In the insurance industry, an insurance premium is the regular payment that is paid in to the policy by the policy holder. This can be annual, monthly or by another time period. At the end of every year it is common for an insurance company to reassess the policy and alter the insurance premium accordingly.
When taking out an insurance policy you will be assessed by several factors, mainly your risk of cashing out a payment. In a ratio correlated with this risk, the insurance company will determine the premium amount. The higher your risk, the higher the insurance premium, to the point where it may not be financially feasible to take on the policy.
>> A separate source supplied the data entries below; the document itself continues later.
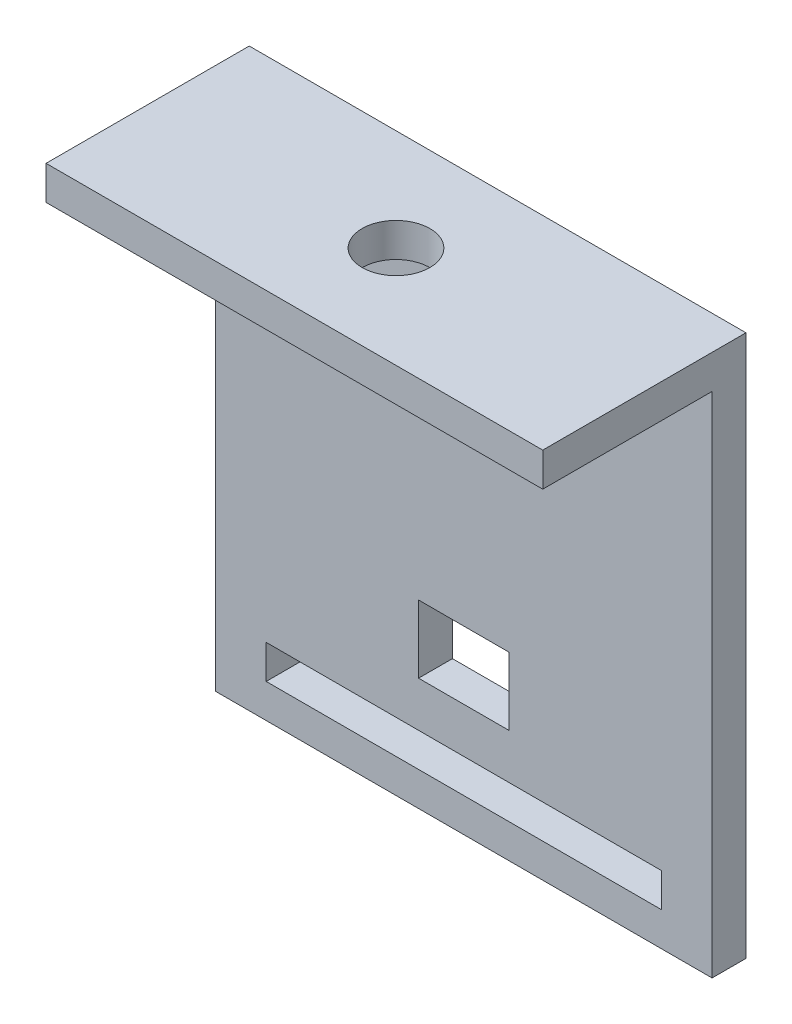
ISO-10303-21;
HEADER;
FILE_DESCRIPTION(('STEP AP214'),'2;1');
FILE_NAME('part.step','',(''),(''),'','','');
FILE_SCHEMA(('AUTOMOTIVE_DESIGN { 1 0 10303 214 1 1 1 1 }'));
ENDSEC;
DATA;
#1=APPLICATION_CONTEXT('core data for automotive mechanical design processes');
#2=APPLICATION_PROTOCOL_DEFINITION('international standard','automotive_design',2000,#1);
#3=PRODUCT_CONTEXT('',#1,'mechanical');
#4=PRODUCT('Part','Part','',(#3));
#5=PRODUCT_RELATED_PRODUCT_CATEGORY('part','',(#4));
#6=PRODUCT_DEFINITION_FORMATION('','',#4);
#7=PRODUCT_DEFINITION_CONTEXT('part definition',#1,'design');
#8=PRODUCT_DEFINITION('design','',#6,#7);
#9=PRODUCT_DEFINITION_SHAPE('','',#8);
#10=(LENGTH_UNIT() NAMED_UNIT(*) SI_UNIT(.MILLI.,.METRE.));
#11=(NAMED_UNIT(*) PLANE_ANGLE_UNIT() SI_UNIT($,.RADIAN.));
#12=(NAMED_UNIT(*) SI_UNIT($,.STERADIAN.) SOLID_ANGLE_UNIT());
#13=UNCERTAINTY_MEASURE_WITH_UNIT(LENGTH_MEASURE(1.E-05),#10,'distance_accuracy_value','');
#14=(GEOMETRIC_REPRESENTATION_CONTEXT(3) GLOBAL_UNCERTAINTY_ASSIGNED_CONTEXT((#13)) GLOBAL_UNIT_ASSIGNED_CONTEXT((#10,
#11,#12)) REPRESENTATION_CONTEXT('',''));
#15=CARTESIAN_POINT('',(0.,0.,0.));
#16=DIRECTION('',(0.,0.,1.));
#17=DIRECTION('',(1.,0.,0.));
#18=AXIS2_PLACEMENT_3D('',#15,#16,#17);
#19=CARTESIAN_POINT('',(44.,0.,-15.));
#20=DIRECTION('',(0.,1.,0.));
#21=DIRECTION('',(0.,0.,1.));
#22=AXIS2_PLACEMENT_3D('',#19,#20,#21);
#23=PLANE('',#22);
#24=CARTESIAN_POINT('',(22.,0.,-9.));
#25=DIRECTION('',(0.,1.,0.));
#26=DIRECTION('',(0.,0.,1.));
#27=AXIS2_PLACEMENT_3D('',#24,#25,#26);
#28=CIRCLE('',#27,3.);
#29=CARTESIAN_POINT('',(22.,0.,-6.));
#30=VERTEX_POINT('',#29);
#31=EDGE_CURVE('E173',#30,#30,#28,.T.);
#32=ORIENTED_EDGE('',*,*,#31,.T.);
#33=EDGE_LOOP('',(#32));
#34=FACE_BOUND('',#33,.T.);
#35=DIRECTION('',(0.,0.,-1.));
#36=VECTOR('',#35,1.);
#37=CARTESIAN_POINT('',(0.,0.,-15.));
#38=LINE('',#37,#36);
#39=CARTESIAN_POINT('',(0.,0.,0.));
#40=VERTEX_POINT('',#39);
#41=CARTESIAN_POINT('',(0.,0.,-15.));
#42=VERTEX_POINT('',#41);
#43=EDGE_CURVE('E190',#40,#42,#38,.T.);
#44=ORIENTED_EDGE('',*,*,#43,.T.);
#45=DIRECTION('',(-1.,0.,0.));
#46=VECTOR('',#45,1.);
#47=CARTESIAN_POINT('',(44.,0.,-15.));
#48=LINE('',#47,#46);
#49=CARTESIAN_POINT('',(44.,0.,-15.));
#50=VERTEX_POINT('',#49);
#51=EDGE_CURVE('E237',#50,#42,#48,.T.);
#52=ORIENTED_EDGE('',*,*,#51,.F.);
#53=DIRECTION('',(0.,0.,-1.));
#54=VECTOR('',#53,1.);
#55=CARTESIAN_POINT('',(44.,0.,-15.));
#56=LINE('',#55,#54);
#57=CARTESIAN_POINT('',(44.,0.,0.));
#58=VERTEX_POINT('',#57);
#59=EDGE_CURVE('E197',#58,#50,#56,.T.);
#60=ORIENTED_EDGE('',*,*,#59,.F.);
#61=DIRECTION('',(-1.,0.,0.));
#62=VECTOR('',#61,1.);
#63=CARTESIAN_POINT('',(44.,0.,0.));
#64=LINE('',#63,#62);
#65=EDGE_CURVE('E211',#58,#40,#64,.T.);
#66=ORIENTED_EDGE('',*,*,#65,.T.);
#67=EDGE_LOOP('',(#44,#52,#60,#66));
#68=FACE_BOUND('',#67,.T.);
#69=ADVANCED_FACE('F33',(#34,#68),#23,.F.);
#70=CARTESIAN_POINT('',(44.,-45.,-15.));
#71=DIRECTION('',(0.,0.,-1.));
#72=DIRECTION('',(0.,1.,0.));
#73=AXIS2_PLACEMENT_3D('',#70,#71,#72);
#74=PLANE('',#73);
#75=DIRECTION('',(-1.,0.,0.));
#76=VECTOR('',#75,1.);
#77=CARTESIAN_POINT('',(44.,-35.,-15.));
#78=LINE('',#77,#76);
#79=CARTESIAN_POINT('',(26.,-35.,-15.));
#80=VERTEX_POINT('',#79);
#81=CARTESIAN_POINT('',(18.,-35.,-15.));
#82=VERTEX_POINT('',#81);
#83=EDGE_CURVE('E164',#80,#82,#78,.T.);
#84=ORIENTED_EDGE('',*,*,#83,.T.);
#85=DIRECTION('',(0.,1.,0.));
#86=VECTOR('',#85,1.);
#87=CARTESIAN_POINT('',(18.,-45.,-15.));
#88=LINE('',#87,#86);
#89=CARTESIAN_POINT('',(18.,-29.,-15.));
#90=VERTEX_POINT('',#89);
#91=EDGE_CURVE('E167',#82,#90,#88,.T.);
#92=ORIENTED_EDGE('',*,*,#91,.T.);
#93=DIRECTION('',(1.,0.,0.));
#94=VECTOR('',#93,1.);
#95=CARTESIAN_POINT('',(44.,-29.,-15.));
#96=LINE('',#95,#94);
#97=CARTESIAN_POINT('',(26.,-29.,-15.));
#98=VERTEX_POINT('',#97);
#99=EDGE_CURVE('E159',#90,#98,#96,.T.);
#100=ORIENTED_EDGE('',*,*,#99,.T.);
#101=DIRECTION('',(0.,-1.,0.));
#102=VECTOR('',#101,1.);
#103=CARTESIAN_POINT('',(26.,-45.,-15.));
#104=LINE('',#103,#102);
#105=EDGE_CURVE('E139',#98,#80,#104,.T.);
#106=ORIENTED_EDGE('',*,*,#105,.T.);
#107=EDGE_LOOP('',(#84,#92,#100,#106));
#108=FACE_BOUND('',#107,.T.);
#109=DIRECTION('',(1.,0.,0.));
#110=VECTOR('',#109,1.);
#111=CARTESIAN_POINT('',(4.5,-42.,-15.));
#112=LINE('',#111,#110);
#113=CARTESIAN_POINT('',(4.5,-42.,-15.));
#114=VERTEX_POINT('',#113);
#115=CARTESIAN_POINT('',(39.5,-42.,-15.));
#116=VERTEX_POINT('',#115);
#117=EDGE_CURVE('E178',#114,#116,#112,.T.);
#118=ORIENTED_EDGE('',*,*,#117,.F.);
#119=DIRECTION('',(0.,-1.,0.));
#120=VECTOR('',#119,1.);
#121=CARTESIAN_POINT('',(4.5,-42.,-15.));
#122=LINE('',#121,#120);
#123=CARTESIAN_POINT('',(4.5,-39.,-15.));
#124=VERTEX_POINT('',#123);
#125=EDGE_CURVE('E176',#124,#114,#122,.T.);
#126=ORIENTED_EDGE('',*,*,#125,.F.);
#127=DIRECTION('',(-1.,0.,0.));
#128=VECTOR('',#127,1.);
#129=CARTESIAN_POINT('',(4.5,-39.,-15.));
#130=LINE('',#129,#128);
#131=CARTESIAN_POINT('',(39.5,-39.,-15.));
#132=VERTEX_POINT('',#131);
#133=EDGE_CURVE('E184',#132,#124,#130,.T.);
#134=ORIENTED_EDGE('',*,*,#133,.F.);
#135=DIRECTION('',(0.,1.,0.));
#136=VECTOR('',#135,1.);
#137=CARTESIAN_POINT('',(39.5,-42.,-15.));
#138=LINE('',#137,#136);
#139=EDGE_CURVE('E181',#116,#132,#138,.T.);
#140=ORIENTED_EDGE('',*,*,#139,.F.);
#141=EDGE_LOOP('',(#118,#126,#134,#140));
#142=FACE_BOUND('',#141,.T.);
#143=DIRECTION('',(0.,-1.,0.));
#144=VECTOR('',#143,1.);
#145=CARTESIAN_POINT('',(0.,-45.,-15.));
#146=LINE('',#145,#144);
#147=CARTESIAN_POINT('',(0.,-45.,-15.));
#148=VERTEX_POINT('',#147);
#149=EDGE_CURVE('E214',#42,#148,#146,.T.);
#150=ORIENTED_EDGE('',*,*,#149,.T.);
#151=DIRECTION('',(-1.,0.,0.));
#152=VECTOR('',#151,1.);
#153=CARTESIAN_POINT('',(44.,-45.,-15.));
#154=LINE('',#153,#152);
#155=CARTESIAN_POINT('',(44.,-45.,-15.));
#156=VERTEX_POINT('',#155);
#157=EDGE_CURVE('E234',#156,#148,#154,.T.);
#158=ORIENTED_EDGE('',*,*,#157,.F.);
#159=DIRECTION('',(0.,-1.,0.));
#160=VECTOR('',#159,1.);
#161=CARTESIAN_POINT('',(44.,-45.,-15.));
#162=LINE('',#161,#160);
#163=EDGE_CURVE('E200',#50,#156,#162,.T.);
#164=ORIENTED_EDGE('',*,*,#163,.F.);
#165=ORIENTED_EDGE('',*,*,#51,.T.);
#166=EDGE_LOOP('',(#150,#158,#164,#165));
#167=FACE_BOUND('',#166,.T.);
#168=ADVANCED_FACE('F259',(#108,#142,#167),#74,.F.);
#169=CARTESIAN_POINT('',(44.,-45.,-18.));
#170=DIRECTION('',(0.,1.,0.));
#171=DIRECTION('',(0.,0.,1.));
#172=AXIS2_PLACEMENT_3D('',#169,#170,#171);
#173=PLANE('',#172);
#174=DIRECTION('',(0.,0.,-1.));
#175=VECTOR('',#174,1.);
#176=CARTESIAN_POINT('',(0.,-45.,-18.));
#177=LINE('',#176,#175);
#178=CARTESIAN_POINT('',(0.,-45.,-18.));
#179=VERTEX_POINT('',#178);
#180=EDGE_CURVE('E216',#148,#179,#177,.T.);
#181=ORIENTED_EDGE('',*,*,#180,.T.);
#182=DIRECTION('',(-1.,0.,0.));
#183=VECTOR('',#182,1.);
#184=CARTESIAN_POINT('',(44.,-45.,-18.));
#185=LINE('',#184,#183);
#186=CARTESIAN_POINT('',(44.,-45.,-18.));
#187=VERTEX_POINT('',#186);
#188=EDGE_CURVE('E231',#187,#179,#185,.T.);
#189=ORIENTED_EDGE('',*,*,#188,.F.);
#190=DIRECTION('',(0.,0.,-1.));
#191=VECTOR('',#190,1.);
#192=CARTESIAN_POINT('',(44.,-45.,-18.));
#193=LINE('',#192,#191);
#194=EDGE_CURVE('E203',#156,#187,#193,.T.);
#195=ORIENTED_EDGE('',*,*,#194,.F.);
#196=ORIENTED_EDGE('',*,*,#157,.T.);
#197=EDGE_LOOP('',(#181,#189,#195,#196));
#198=FACE_BOUND('',#197,.T.);
#199=ADVANCED_FACE('F283',(#198),#173,.F.);
#200=CARTESIAN_POINT('',(44.,3.,-18.));
#201=DIRECTION('',(0.,0.,1.));
#202=DIRECTION('',(0.,-1.,0.));
#203=AXIS2_PLACEMENT_3D('',#200,#201,#202);
#204=PLANE('',#203);
#205=DIRECTION('',(1.,0.,0.));
#206=VECTOR('',#205,1.);
#207=CARTESIAN_POINT('',(26.,-29.,-18.));
#208=LINE('',#207,#206);
#209=CARTESIAN_POINT('',(18.,-29.,-18.));
#210=VERTEX_POINT('',#209);
#211=CARTESIAN_POINT('',(26.,-29.,-18.));
#212=VERTEX_POINT('',#211);
#213=EDGE_CURVE('E145',#210,#212,#208,.T.);
#214=ORIENTED_EDGE('',*,*,#213,.F.);
#215=DIRECTION('',(0.,1.,0.));
#216=VECTOR('',#215,1.);
#217=CARTESIAN_POINT('',(18.,-29.,-18.));
#218=LINE('',#217,#216);
#219=CARTESIAN_POINT('',(18.,-35.,-18.));
#220=VERTEX_POINT('',#219);
#221=EDGE_CURVE('E55',#220,#210,#218,.T.);
#222=ORIENTED_EDGE('',*,*,#221,.F.);
#223=DIRECTION('',(-1.,0.,0.));
#224=VECTOR('',#223,1.);
#225=CARTESIAN_POINT('',(26.,-35.,-18.));
#226=LINE('',#225,#224);
#227=CARTESIAN_POINT('',(26.,-35.,-18.));
#228=VERTEX_POINT('',#227);
#229=EDGE_CURVE('E152',#228,#220,#226,.T.);
#230=ORIENTED_EDGE('',*,*,#229,.F.);
#231=DIRECTION('',(0.,-1.,0.));
#232=VECTOR('',#231,1.);
#233=CARTESIAN_POINT('',(26.,-35.,-18.));
#234=LINE('',#233,#232);
#235=EDGE_CURVE('E136',#212,#228,#234,.T.);
#236=ORIENTED_EDGE('',*,*,#235,.F.);
#237=EDGE_LOOP('',(#214,#222,#230,#236));
#238=FACE_BOUND('',#237,.T.);
#239=DIRECTION('',(-1.,0.,0.));
#240=VECTOR('',#239,1.);
#241=CARTESIAN_POINT('',(44.,-39.,-18.));
#242=LINE('',#241,#240);
#243=CARTESIAN_POINT('',(39.5,-39.,-18.));
#244=VERTEX_POINT('',#243);
#245=CARTESIAN_POINT('',(4.5,-39.,-18.));
#246=VERTEX_POINT('',#245);
#247=EDGE_CURVE('E40',#244,#246,#242,.T.);
#248=ORIENTED_EDGE('',*,*,#247,.T.);
#249=DIRECTION('',(0.,-1.,0.));
#250=VECTOR('',#249,1.);
#251=CARTESIAN_POINT('',(4.5,3.,-18.));
#252=LINE('',#251,#250);
#253=CARTESIAN_POINT('',(4.5,-42.,-18.));
#254=VERTEX_POINT('',#253);
#255=EDGE_CURVE('E11',#246,#254,#252,.T.);
#256=ORIENTED_EDGE('',*,*,#255,.T.);
#257=DIRECTION('',(1.,0.,0.));
#258=VECTOR('',#257,1.);
#259=CARTESIAN_POINT('',(44.,-42.,-18.));
#260=LINE('',#259,#258);
#261=CARTESIAN_POINT('',(39.5,-42.,-18.));
#262=VERTEX_POINT('',#261);
#263=EDGE_CURVE('E240',#254,#262,#260,.T.);
#264=ORIENTED_EDGE('',*,*,#263,.T.);
#265=DIRECTION('',(0.,1.,0.));
#266=VECTOR('',#265,1.);
#267=CARTESIAN_POINT('',(39.5,3.,-18.));
#268=LINE('',#267,#266);
#269=EDGE_CURVE('E243',#262,#244,#268,.T.);
#270=ORIENTED_EDGE('',*,*,#269,.T.);
#271=EDGE_LOOP('',(#248,#256,#264,#270));
#272=FACE_BOUND('',#271,.T.);
#273=DIRECTION('',(0.,1.,0.));
#274=VECTOR('',#273,1.);
#275=CARTESIAN_POINT('',(0.,3.,-18.));
#276=LINE('',#275,#274);
#277=CARTESIAN_POINT('',(0.,3.,-18.));
#278=VERTEX_POINT('',#277);
#279=EDGE_CURVE('E218',#179,#278,#276,.T.);
#280=ORIENTED_EDGE('',*,*,#279,.T.);
#281=DIRECTION('',(-1.,0.,0.));
#282=VECTOR('',#281,1.);
#283=CARTESIAN_POINT('',(44.,3.,-18.));
#284=LINE('',#283,#282);
#285=CARTESIAN_POINT('',(44.,3.,-18.));
#286=VERTEX_POINT('',#285);
#287=EDGE_CURVE('E228',#286,#278,#284,.T.);
#288=ORIENTED_EDGE('',*,*,#287,.F.);
#289=DIRECTION('',(0.,1.,0.));
#290=VECTOR('',#289,1.);
#291=CARTESIAN_POINT('',(44.,3.,-18.));
#292=LINE('',#291,#290);
#293=EDGE_CURVE('E205',#187,#286,#292,.T.);
#294=ORIENTED_EDGE('',*,*,#293,.F.);
#295=ORIENTED_EDGE('',*,*,#188,.T.);
#296=EDGE_LOOP('',(#280,#288,#294,#295));
#297=FACE_BOUND('',#296,.T.);
#298=ADVANCED_FACE('F149',(#238,#272,#297),#204,.F.);
#299=CARTESIAN_POINT('',(44.,3.,0.));
#300=DIRECTION('',(0.,-1.,0.));
#301=DIRECTION('',(0.,0.,-1.));
#302=AXIS2_PLACEMENT_3D('',#299,#300,#301);
#303=PLANE('',#302);
#304=CARTESIAN_POINT('',(22.,3.,-9.));
#305=DIRECTION('',(0.,1.,0.));
#306=DIRECTION('',(0.,0.,1.));
#307=AXIS2_PLACEMENT_3D('',#304,#305,#306);
#308=CIRCLE('',#307,3.);
#309=CARTESIAN_POINT('',(22.,3.,-6.));
#310=VERTEX_POINT('',#309);
#311=EDGE_CURVE('E170',#310,#310,#308,.T.);
#312=ORIENTED_EDGE('',*,*,#311,.F.);
#313=EDGE_LOOP('',(#312));
#314=FACE_BOUND('',#313,.T.);
#315=DIRECTION('',(0.,0.,1.));
#316=VECTOR('',#315,1.);
#317=CARTESIAN_POINT('',(0.,3.,0.));
#318=LINE('',#317,#316);
#319=CARTESIAN_POINT('',(0.,3.,0.));
#320=VERTEX_POINT('',#319);
#321=EDGE_CURVE('E220',#278,#320,#318,.T.);
#322=ORIENTED_EDGE('',*,*,#321,.T.);
#323=DIRECTION('',(-1.,0.,0.));
#324=VECTOR('',#323,1.);
#325=CARTESIAN_POINT('',(44.,3.,0.));
#326=LINE('',#325,#324);
#327=CARTESIAN_POINT('',(44.,3.,0.));
#328=VERTEX_POINT('',#327);
#329=EDGE_CURVE('E225',#328,#320,#326,.T.);
#330=ORIENTED_EDGE('',*,*,#329,.F.);
#331=DIRECTION('',(0.,0.,1.));
#332=VECTOR('',#331,1.);
#333=CARTESIAN_POINT('',(44.,3.,0.));
#334=LINE('',#333,#332);
#335=EDGE_CURVE('E207',#286,#328,#334,.T.);
#336=ORIENTED_EDGE('',*,*,#335,.F.);
#337=ORIENTED_EDGE('',*,*,#287,.T.);
#338=EDGE_LOOP('',(#322,#330,#336,#337));
#339=FACE_BOUND('',#338,.T.);
#340=ADVANCED_FACE('F307',(#314,#339),#303,.F.);
#341=CARTESIAN_POINT('',(44.,0.,0.));
#342=DIRECTION('',(0.,0.,-1.));
#343=DIRECTION('',(-1.,0.,0.));
#344=AXIS2_PLACEMENT_3D('',#341,#342,#343);
#345=PLANE('',#344);
#346=DIRECTION('',(0.,-1.,0.));
#347=VECTOR('',#346,1.);
#348=CARTESIAN_POINT('',(0.,0.,0.));
#349=LINE('',#348,#347);
#350=EDGE_CURVE('E201',#320,#40,#349,.T.);
#351=ORIENTED_EDGE('',*,*,#350,.T.);
#352=ORIENTED_EDGE('',*,*,#65,.F.);
#353=DIRECTION('',(0.,-1.,0.));
#354=VECTOR('',#353,1.);
#355=CARTESIAN_POINT('',(44.,0.,0.));
#356=LINE('',#355,#354);
#357=EDGE_CURVE('E209',#328,#58,#356,.T.);
#358=ORIENTED_EDGE('',*,*,#357,.F.);
#359=ORIENTED_EDGE('',*,*,#329,.T.);
#360=EDGE_LOOP('',(#351,#352,#358,#359));
#361=FACE_BOUND('',#360,.T.);
#362=ADVANCED_FACE('F305',(#361),#345,.F.);
#363=CARTESIAN_POINT('',(44.,0.,0.));
#364=DIRECTION('',(-1.,0.,0.));
#365=DIRECTION('',(0.,0.,1.));
#366=AXIS2_PLACEMENT_3D('',#363,#364,#365);
#367=PLANE('',#366);
#368=ORIENTED_EDGE('',*,*,#59,.T.);
#369=ORIENTED_EDGE('',*,*,#163,.T.);
#370=ORIENTED_EDGE('',*,*,#194,.T.);
#371=ORIENTED_EDGE('',*,*,#293,.T.);
#372=ORIENTED_EDGE('',*,*,#335,.T.);
#373=ORIENTED_EDGE('',*,*,#357,.T.);
#374=EDGE_LOOP('',(#368,#369,#370,#371,#372,#373));
#375=FACE_BOUND('',#374,.T.);
#376=ADVANCED_FACE('F300',(#375),#367,.F.);
#377=CARTESIAN_POINT('',(0.,0.,0.));
#378=DIRECTION('',(-1.,0.,0.));
#379=DIRECTION('',(0.,0.,1.));
#380=AXIS2_PLACEMENT_3D('',#377,#378,#379);
#381=PLANE('',#380);
#382=ORIENTED_EDGE('',*,*,#43,.F.);
#383=ORIENTED_EDGE('',*,*,#350,.F.);
#384=ORIENTED_EDGE('',*,*,#321,.F.);
#385=ORIENTED_EDGE('',*,*,#279,.F.);
#386=ORIENTED_EDGE('',*,*,#180,.F.);
#387=ORIENTED_EDGE('',*,*,#149,.F.);
#388=EDGE_LOOP('',(#382,#383,#384,#385,#386,#387));
#389=FACE_BOUND('',#388,.T.);
#390=ADVANCED_FACE('F293',(#389),#381,.T.);
#391=CARTESIAN_POINT('',(4.5,-42.,-59.));
#392=DIRECTION('',(-1.,0.,0.));
#393=DIRECTION('',(0.,0.,1.));
#394=AXIS2_PLACEMENT_3D('',#391,#392,#393);
#395=PLANE('',#394);
#396=DIRECTION('',(0.,0.,1.));
#397=VECTOR('',#396,1.);
#398=CARTESIAN_POINT('',(4.5,-39.,-59.));
#399=LINE('',#398,#397);
#400=EDGE_CURVE('E188',#246,#124,#399,.T.);
#401=ORIENTED_EDGE('',*,*,#400,.T.);
#402=ORIENTED_EDGE('',*,*,#125,.T.);
#403=DIRECTION('',(0.,0.,1.));
#404=VECTOR('',#403,1.);
#405=CARTESIAN_POINT('',(4.5,-42.,-59.));
#406=LINE('',#405,#404);
#407=EDGE_CURVE('E187',#254,#114,#406,.T.);
#408=ORIENTED_EDGE('',*,*,#407,.F.);
#409=ORIENTED_EDGE('',*,*,#255,.F.);
#410=EDGE_LOOP('',(#401,#402,#408,#409));
#411=FACE_BOUND('',#410,.T.);
#412=ADVANCED_FACE('F263',(#411),#395,.F.);
#413=CARTESIAN_POINT('',(4.5,-39.,-59.));
#414=DIRECTION('',(0.,1.,0.));
#415=DIRECTION('',(0.,0.,1.));
#416=AXIS2_PLACEMENT_3D('',#413,#414,#415);
#417=PLANE('',#416);
#418=DIRECTION('',(0.,0.,1.));
#419=VECTOR('',#418,1.);
#420=CARTESIAN_POINT('',(39.5,-39.,-59.));
#421=LINE('',#420,#419);
#422=EDGE_CURVE('E191',#244,#132,#421,.T.);
#423=ORIENTED_EDGE('',*,*,#422,.T.);
#424=ORIENTED_EDGE('',*,*,#133,.T.);
#425=ORIENTED_EDGE('',*,*,#400,.F.);
#426=ORIENTED_EDGE('',*,*,#247,.F.);
#427=EDGE_LOOP('',(#423,#424,#425,#426));
#428=FACE_BOUND('',#427,.T.);
#429=ADVANCED_FACE('F251',(#428),#417,.F.);
#430=CARTESIAN_POINT('',(39.5,-42.,-59.));
#431=DIRECTION('',(1.,0.,0.));
#432=DIRECTION('',(0.,0.,-1.));
#433=AXIS2_PLACEMENT_3D('',#430,#431,#432);
#434=PLANE('',#433);
#435=DIRECTION('',(0.,0.,1.));
#436=VECTOR('',#435,1.);
#437=CARTESIAN_POINT('',(39.5,-42.,-59.));
#438=LINE('',#437,#436);
#439=EDGE_CURVE('E193',#262,#116,#438,.T.);
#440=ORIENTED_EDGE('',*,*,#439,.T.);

An example of how risk might give you a high insurance premium is if you take out property insurance on your home, when located in a natural disaster prone region, such as on or nearby the San Andreas Fault line. Because your property is more likely to sustain structural damage from earthquakes your premium house insurance will be a lot higher than in a New York suburb.
If you work a dangerous job it may also be difficult to get medical insurance or health insurance. A perk of many jobs is the utilization of group insurance, where everybody falls under the same umbrella, instead of being individually risk assessed. Even if you fall ill before the annual premium reassessment, you will still get the same deal under the group terms, which would not happen with a private policy.
For those that cannot afford insurance premiums, even at the lowest form, various government run benefits programs exist, such as social security, unemployment benefits or benefits for military veterans.